* PROMPT
Read the records and gather each line that includes "sides".
——
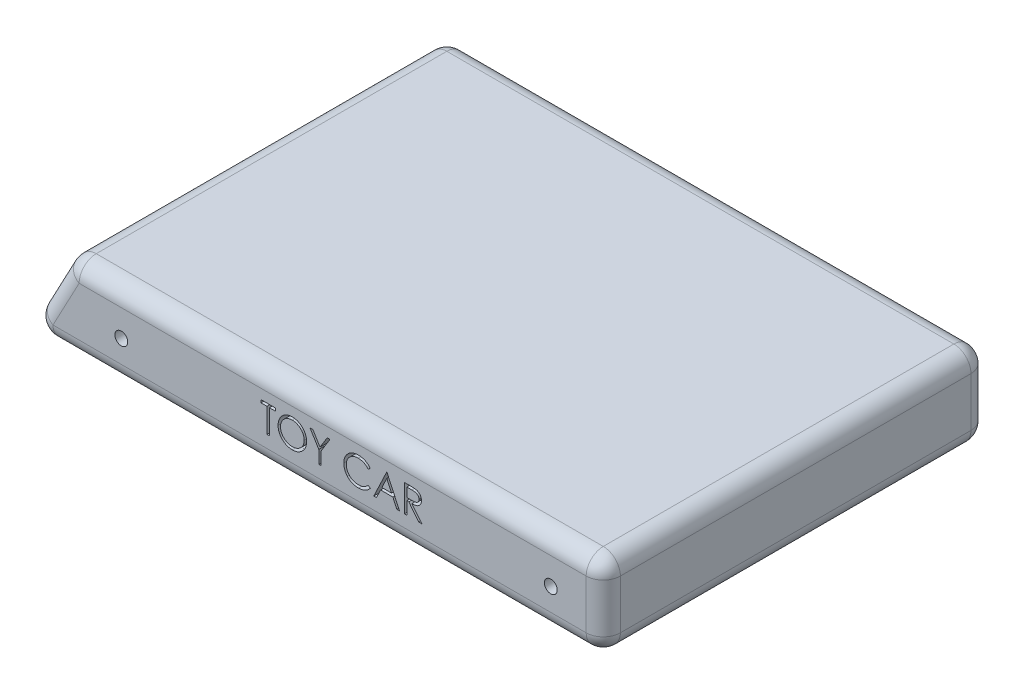
from build123d import *

# Parameters (mm, degrees)
SKETCH1_W               = 250
SKETCH1_H               = 180
BOSS_EXTRUDE1_DEPTH     = 39
SKETCH2_R               = 3
CUT_EXTRUDE2_DEPTH      = 91
CUT_EXTRUDE2_DEPTH_BACK = 91
DRAFT1_ANGLE            = 28
FILLET1_R               = 8
CUT_EXTRUDE3_DEPTH      = 8
CUT_EXTRUDE3_DEPTH_BACK = 8


with BuildPart() as part:
    # Sketch1 → Boss-Extrude1 (new body)
    with BuildSketch(Plane(origin=(0, 0, 0), x_dir=(1, 0, 0), z_dir=(0, 1, 0))):
        Rectangle(SKETCH1_W, SKETCH1_H)
    extrude(amount=BOSS_EXTRUDE1_DEPTH)

    # Sketch2 → Cut-Extrude2 (cut, two sides)
    with BuildSketch(Plane.XY) as cut_extrude2_sk:
        with Locations((100.46336903, 18.512298338)):
            Circle(SKETCH2_R)
        with Locations((-100.46336903, 18.512298338)):
            Circle(SKETCH2_R)
    extrude(amount=CUT_EXTRUDE2_DEPTH, mode=Mode.SUBTRACT)
    extrude(cut_extrude2_sk.sketch, amount=-CUT_EXTRUDE2_DEPTH_BACK, mode=Mode.SUBTRACT)

    # Draft1
    draft1_faces = [part.faces().sort_by_distance(p)[0] for p in [
        (-125, 19.5, 0),
    ]]
    draft(draft1_faces, Plane.ZX.offset(39), DRAFT1_ANGLE)

    # Fillet1
    fillet1_edges = [part.edges().sort_by_distance(p)[0] for p in [
        (-125, 39, 0),
        (0, 39, 90),
        (125, 39, 0),
        (-10.368333917, 0, 90),
        (-145.736667835, 0, 0),
        (-10.368333917, 0, -90),
        (125, 0, 0),
        (0, 39, -90),
        (125, 19.5, 90),
        (-135.368333917, 19.5, 90),
        (-135.368333917, 19.5, -90),
        (125, 19.5, -90),
    ]]
    fillet(fillet1_edges, radius=FILLET1_R)

    # Sketch3 → Cut-Extrude3 (cut, two sides)
    with BuildSketch(Plane.XY.offset(83)) as cut_extrude3_sk:
        Polygon((-35.112238837, 25.112326164), (-35.112238837, 26.414890267), (-28.436597812, 26.414890267), (-28.436597812, 25.112326164), (-31.20454653, 25.112326164), (-31.20454653, 13.714890267), (-32.34429012, 13.714890267), (-32.34429012, 25.112326164), align=None)
        with BuildLine():
            add(Edge.make_bspline(
                [(-20.53980294, 26.740531292), (-20.304642099, 26.734575067), (-19.842766804, 26.722876549), (-19.163952175, 26.633326659), (-18.515907115, 26.478403387), (-17.893352612, 26.272071994), (-17.30373524, 25.996828938), (-16.742616972, 25.664142828), (-16.211332887, 25.27052825), (-15.717043874, 24.819027912), (-15.264717226, 24.327779379), (-14.866206153, 23.803530963), (-14.532224116, 23.249452452), (-14.257955688, 22.667208866), (-14.042786447, 22.058116982), (-13.894308775, 21.418929601), (-13.79946463, 20.753788183), (-13.788376523, 20.300119274), (-13.782751658, 20.069978408)],
                knots=[0, 0, 0, 0, 0.000705368, 0.001385402, 0.00204938, 0.002701839, 0.003349503, 0.003997423, 0.004655841, 0.005329419, 0.006002834, 0.006656665, 0.007301525, 0.007939971, 0.008584465, 0.009235478, 0.009905767, 0.010595886, 0.010595886, 0.010595886, 0.010595886], degree=3))
            add(Edge.make_bspline(
                [(-13.782751658, 20.069978408), (-13.788375699, 19.841532817), (-13.799461335, 19.391240091), (-13.894416613, 18.730319594), (-14.043336813, 18.094990495), (-14.255957551, 17.486313412), (-14.528918572, 16.903646252), (-14.865124479, 16.348522162), (-15.261151158, 15.820759154), (-15.711844589, 15.326138911), (-16.203156941, 14.872576661), (-16.730135338, 14.47735674), (-17.280928242, 14.13727206), (-17.862623469, 13.865914157), (-18.467506459, 13.649027474), (-19.100990889, 13.501153645), (-19.760108385, 13.405769231), (-20.20958317, 13.39481633), (-20.43804012, 13.389249241)],
                knots=[0, 0, 0, 0, 0.000685036, 0.001350284, 0.001998823, 0.002640075, 0.003280822, 0.003925683, 0.00458358, 0.005257158, 0.005930573, 0.006586435, 0.007230442, 0.007868887, 0.008508583, 0.009154647, 0.009817376, 0.010502411, 0.010502411, 0.010502411, 0.010502411], degree=3))
            add(Edge.make_bspline(
                [(-20.43804012, 13.389249241), (-20.668179791, 13.394871302), (-21.121846346, 13.40595388), (-21.787823589, 13.500954978), (-22.427459974, 13.649513423), (-23.038926334, 13.861819092), (-23.62256365, 14.136201614), (-24.179513378, 14.47077179), (-24.707539998, 14.867763416), (-25.202265764, 15.318310701), (-25.65492714, 15.808790333), (-26.049568304, 16.334331773), (-26.384213715, 16.88462443), (-26.65767495, 17.461195446), (-26.874171702, 18.061257538), (-27.021872043, 18.688813442), (-27.117433926, 19.340285363), (-27.128446083, 19.783852451), (-27.134033709, 20.008920715)],
                knots=[0, 0, 0, 0, 0.000690119, 0.001360408, 0.002013897, 0.002657552, 0.003298299, 0.003945339, 0.004603236, 0.005276814, 0.005950229, 0.006602529, 0.007245213, 0.007879059, 0.008513962, 0.009155077, 0.009810248, 0.010485118, 0.010485118, 0.010485118, 0.010485118], degree=3))
            add(Edge.make_bspline(
                [(-27.134033709, 20.008920715), (-27.132093746, 20.159987829), (-27.128238293, 20.460216277), (-27.081822724, 20.906046512), (-27.014470265, 21.344706899), (-26.917943325, 21.774950053), (-26.791699276, 22.195722769), (-26.642739063, 22.609926965), (-26.460803052, 23.013365049), (-26.255133272, 23.407948213), (-26.025583283, 23.787525471), (-25.772034135, 24.146317101), (-25.503391512, 24.487333861), (-25.208884341, 24.801738704), (-24.898218954, 25.098677971), (-24.566355697, 25.373588401), (-24.215319553, 25.628948938), (-23.843600061, 25.859074175), (-23.460356606, 26.067205892), (-23.065289441, 26.245810895), (-22.663764167, 26.399103746), (-22.253900159, 26.523349026), (-21.836785815, 26.6214367), (-21.411510768, 26.688229098), (-20.978413821, 26.734763051), (-20.686635606, 26.738600273), (-20.53980294, 26.740531292)],
                knots=[0, 0, 0, 0, 0.000453023, 0.000900331, 0.00134327, 0.001783953, 0.002221843, 0.002660465, 0.003103469, 0.003548398, 0.003994743, 0.004433047, 0.004865726, 0.005295975, 0.005724256, 0.006154227, 0.006587795, 0.007025471, 0.007464852, 0.007895214, 0.008325184, 0.00875333, 0.009179133, 0.00960951, 0.010044159, 0.010484467, 0.010484467, 0.010484467, 0.010484467], degree=3))
        make_face()
        with BuildLine():
            add(Edge.make_bspline(
                [(-20.483833389, 25.43796719), (-20.604355059, 25.436498016), (-20.844246204, 25.433573715), (-21.200878664, 25.395053833), (-21.552820824, 25.34015395), (-21.900145367, 25.261843861), (-22.241399046, 25.155149155), (-22.579762755, 25.032355002), (-22.912150979, 24.882781331), (-23.237466406, 24.713788946), (-23.552843964, 24.526740005), (-23.85043291, 24.320013879), (-24.131003646, 24.098458554), (-24.393869214, 23.861556972), (-24.638257753, 23.608102703), (-24.868979384, 23.341938149), (-25.076786152, 23.055455573), (-25.267233816, 22.756423525), (-25.437659979, 22.445231502), (-25.589208552, 22.125155716), (-25.713175099, 21.793585253), (-25.814275721, 21.454117309), (-25.898095035, 21.107289527), (-25.951195274, 20.750470876), (-25.990138406, 20.385454326), (-25.99289556, 20.138777313), (-25.99429012, 20.014008856)],
                knots=[0, 0, 0, 0, 0.000361401, 0.000719348, 0.001074863, 0.001429731, 0.001786237, 0.002146831, 0.002508984, 0.002878794, 0.003246164, 0.003608191, 0.003964987, 0.004318036, 0.004668869, 0.005020697, 0.005373837, 0.005729543, 0.006083645, 0.0064376, 0.006791042, 0.007144375, 0.007499817, 0.007860358, 0.0082259, 0.008600016, 0.008600016, 0.008600016, 0.008600016], degree=3))
            add(Edge.make_bspline(
                [(-25.99429012, 20.014008856), (-25.989664192, 19.830540227), (-25.980563561, 19.469600674), (-25.900888949, 18.940670552), (-25.778163499, 18.432350198), (-25.597252484, 17.947420985), (-25.371008825, 17.481714587), (-25.091511252, 17.039362321), (-24.760371141, 16.620244634), (-24.38422063, 16.227287516), (-23.973021095, 15.868618455), (-23.536385189, 15.553791229), (-23.078990671, 15.287416894), (-22.599644764, 15.070409917), (-22.100906551, 14.898452868), (-21.579562294, 14.780601835), (-21.039084912, 14.703039469), (-20.670673678, 14.695590897), (-20.483833389, 14.691813343)],
                knots=[0, 0, 0, 0, 0.000550108, 0.001082232, 0.001601154, 0.002116289, 0.002631707, 0.003151905, 0.003682739, 0.004231557, 0.004781529, 0.005317417, 0.005844089, 0.006366671, 0.006893638, 0.007423745, 0.007968111, 0.008528275, 0.008528275, 0.008528275, 0.008528275], degree=3))
            add(Edge.make_bspline(
                [(-20.483833389, 14.691813343), (-20.35825034, 14.693538745), (-20.109181437, 14.696960735), (-19.738720541, 14.731427362), (-19.374933716, 14.786697288), (-19.018331215, 14.866274238), (-18.669317756, 14.965868387), (-18.326436613, 15.084187857), (-17.99333996, 15.231802511), (-17.665825691, 15.394899364), (-17.352330757, 15.580827935), (-17.053062397, 15.780537793), (-16.775563842, 16.001766788), (-16.512894925, 16.235148565), (-16.267503025, 16.485388813), (-16.041047568, 16.752162189), (-15.834291089, 17.037152574), (-15.643915742, 17.335731046), (-15.47408676, 17.647774592), (-15.326116887, 17.969010852), (-15.200582409, 18.29864882), (-15.099241835, 18.637163951), (-15.019828874, 18.983913316), (-14.965110307, 19.3393612), (-14.926834544, 19.702796528), (-14.92394955, 19.948609949), (-14.922495248, 20.072522478)],
                knots=[0, 0, 0, 0, 0.00037666, 0.00074703, 0.001115112, 0.001479909, 0.001842294, 0.002203561, 0.002567016, 0.002934509, 0.003300581, 0.003659737, 0.00401296, 0.004364308, 0.004713319, 0.005063497, 0.005413082, 0.005768788, 0.006125121, 0.006478005, 0.006829068, 0.007182401, 0.00753727, 0.007895297, 0.008260839, 0.008632412, 0.008632412, 0.008632412, 0.008632412], degree=3))
            add(Edge.make_bspline(
                [(-14.922495248, 20.072522478), (-14.923950715, 20.195587308), (-14.926837902, 20.439709067), (-14.965092024, 20.800609751), (-15.019886683, 21.153499975), (-15.098854224, 21.496994346), (-15.20063621, 21.831180423), (-15.326138809, 22.155744336), (-15.474131182, 22.471895215), (-15.643978167, 22.778851664), (-15.834898441, 23.073399999), (-16.04352041, 23.354985896), (-16.273446101, 23.618321272), (-16.518106249, 23.869907162), (-16.783612033, 24.10437779), (-17.068760757, 24.321810936), (-17.370090673, 24.52745396), (-17.689140928, 24.712966713), (-18.018411846, 24.884286929), (-18.356282493, 25.031066283), (-18.698925226, 25.155787973), (-19.045468719, 25.262166675), (-19.398829812, 25.339847242), (-19.756620848, 25.395103308), (-20.118346815, 25.433560308), (-20.361617927, 25.436493568), (-20.483833389, 25.43796719)],
                knots=[0, 0, 0, 0, 0.000369031, 0.00073204, 0.001087555, 0.001439943, 0.001788407, 0.002134718, 0.002482986, 0.00283486, 0.003186283, 0.003535331, 0.003885231, 0.004234241, 0.004587492, 0.004946738, 0.005309426, 0.005681174, 0.006053244, 0.006422379, 0.006785362, 0.007146737, 0.00750905, 0.007869591, 0.0082326, 0.008599088, 0.008599088, 0.008599088, 0.008599088], degree=3))
        make_face(mode=Mode.SUBTRACT)
        Polygon((-12.15454653, 26.414890267), (-10.849438357, 26.414890267), (-7.511617844, 20.957859017), (-4.178885472, 26.414890267), (-2.873777299, 26.414890267), (-6.94429012, 19.751969593), (-6.94429012, 13.714890267), (-8.084033709, 13.714890267), (-8.084033709, 19.751969593), align=None)
        with BuildLine():
            Line((16.013402188, 24.084521677), (15.016126547, 23.321300523))
            add(Edge.make_bspline(
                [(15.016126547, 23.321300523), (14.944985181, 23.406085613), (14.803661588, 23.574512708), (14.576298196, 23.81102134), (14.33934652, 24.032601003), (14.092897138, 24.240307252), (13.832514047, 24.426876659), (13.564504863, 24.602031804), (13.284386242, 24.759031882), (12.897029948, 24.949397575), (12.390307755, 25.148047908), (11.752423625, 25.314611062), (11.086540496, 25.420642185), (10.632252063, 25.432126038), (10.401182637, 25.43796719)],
——
* RESULT
    # Sketch2 → Cut-Extrude2 (cut, two sides)
    # Sketch3 → Cut-Extrude3 (cut, two sides)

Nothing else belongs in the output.